Pattern 2: Dynamic Filenames

r
# Hard to track statically
for (year in 2010:2020) {
  read_csv(paste0("data_", year, ".csv"))
}

Solution: Flag as "DYNAMIC PATH - manual verification needed"

Pattern 3: Conditional Writes

python
if not os.path.exists("output.csv"):
    df.to_csv("output.csv")

Solution: Still track as output (conditional doesn't change dependency)

Pattern 4: Custom LaTeX Commands

latex
% User-defined in preamble
\newcommand{\inputtable}[1]{\input{tables/#1.tex}}

% Later used as
\inputtable{table1}  % Expands to tables/table1.tex

Solution: Parse preamble for custom commands, expand during scan

Pattern 5: Working Directory Changes

r
setwd("subdirectory/")
read.csv("data.csv")  # Actually reads subdirectory/data.csv
python
os.chdir("analysis/")
pd.read_csv("input.csv")  # Relative to new working directory
stata
cd "analysis"
use "data.dta"  # Relative to new directory

Solution: Track working directory state per script; resolve relative paths accordingly. Flag setwd()/os.chdir()/cd as potentially confusing.

Pattern 6: Source/Run Commands (Script Chains)

r
source("helper_functions.R")  # Dependency on other script
python
%run preprocessing.py  # In Jupyter
exec(open("utils.py").read())
stata
do "clean_data.do"  # Running another script

Solution: These create script → script dependencies.
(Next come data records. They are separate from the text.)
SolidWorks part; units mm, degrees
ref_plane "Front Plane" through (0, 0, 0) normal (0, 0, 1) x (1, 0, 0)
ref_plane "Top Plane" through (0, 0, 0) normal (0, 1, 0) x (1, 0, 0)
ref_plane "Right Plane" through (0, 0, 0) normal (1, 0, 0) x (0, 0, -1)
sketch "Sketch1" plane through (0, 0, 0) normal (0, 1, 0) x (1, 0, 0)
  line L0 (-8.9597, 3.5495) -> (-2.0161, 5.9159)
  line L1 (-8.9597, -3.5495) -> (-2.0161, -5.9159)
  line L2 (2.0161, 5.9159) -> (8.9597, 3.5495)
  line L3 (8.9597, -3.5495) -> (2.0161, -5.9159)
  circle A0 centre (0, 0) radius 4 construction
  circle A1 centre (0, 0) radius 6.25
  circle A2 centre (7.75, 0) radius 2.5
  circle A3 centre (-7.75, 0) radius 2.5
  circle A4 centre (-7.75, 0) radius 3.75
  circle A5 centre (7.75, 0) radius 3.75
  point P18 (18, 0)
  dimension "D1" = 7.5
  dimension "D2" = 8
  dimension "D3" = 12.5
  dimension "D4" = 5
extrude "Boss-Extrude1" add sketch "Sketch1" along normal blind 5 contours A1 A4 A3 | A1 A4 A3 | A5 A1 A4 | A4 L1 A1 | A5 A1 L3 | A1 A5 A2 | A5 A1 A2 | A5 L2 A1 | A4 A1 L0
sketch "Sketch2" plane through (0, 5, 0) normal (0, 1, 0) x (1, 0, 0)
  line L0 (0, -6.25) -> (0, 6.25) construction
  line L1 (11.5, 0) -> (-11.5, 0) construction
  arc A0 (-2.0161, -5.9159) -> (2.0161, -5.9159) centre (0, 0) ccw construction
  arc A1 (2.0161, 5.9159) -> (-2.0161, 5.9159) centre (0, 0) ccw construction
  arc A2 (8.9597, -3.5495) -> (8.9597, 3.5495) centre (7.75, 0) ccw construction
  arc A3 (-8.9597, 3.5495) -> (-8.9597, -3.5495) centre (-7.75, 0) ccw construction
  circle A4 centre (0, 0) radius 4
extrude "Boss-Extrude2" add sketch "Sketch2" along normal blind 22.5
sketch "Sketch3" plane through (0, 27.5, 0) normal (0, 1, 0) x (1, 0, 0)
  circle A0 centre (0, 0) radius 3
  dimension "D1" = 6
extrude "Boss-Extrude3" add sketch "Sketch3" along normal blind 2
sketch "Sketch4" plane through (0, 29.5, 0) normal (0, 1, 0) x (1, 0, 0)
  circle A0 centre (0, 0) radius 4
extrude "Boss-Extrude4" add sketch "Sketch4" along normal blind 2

Must track and ensure helper scripts are included in DAG.

Real-World Impact

Before submission: Catches the "I edited the code but forgot to regenerate Table 3" error that would delay publication.

Onboarding: New RAs can run /audit-dag to understand the full pipeline in 30 seconds instead of reading weeks of README files.

Replication: Generates documentation for replication packages automatically by showing the exact order of script execution.

Limitations

  • Dynamic paths: Can't resolve paste0("file_", variable, ".csv") without executing
  • Conditionals: Doesn't know which branch executes
  • External data: API calls, database queries not tracked
  • Manual edits: If you hand-edit a .tex file, timestamp may be misleading

Solution for dynamic cases: Flag them and request manual verification.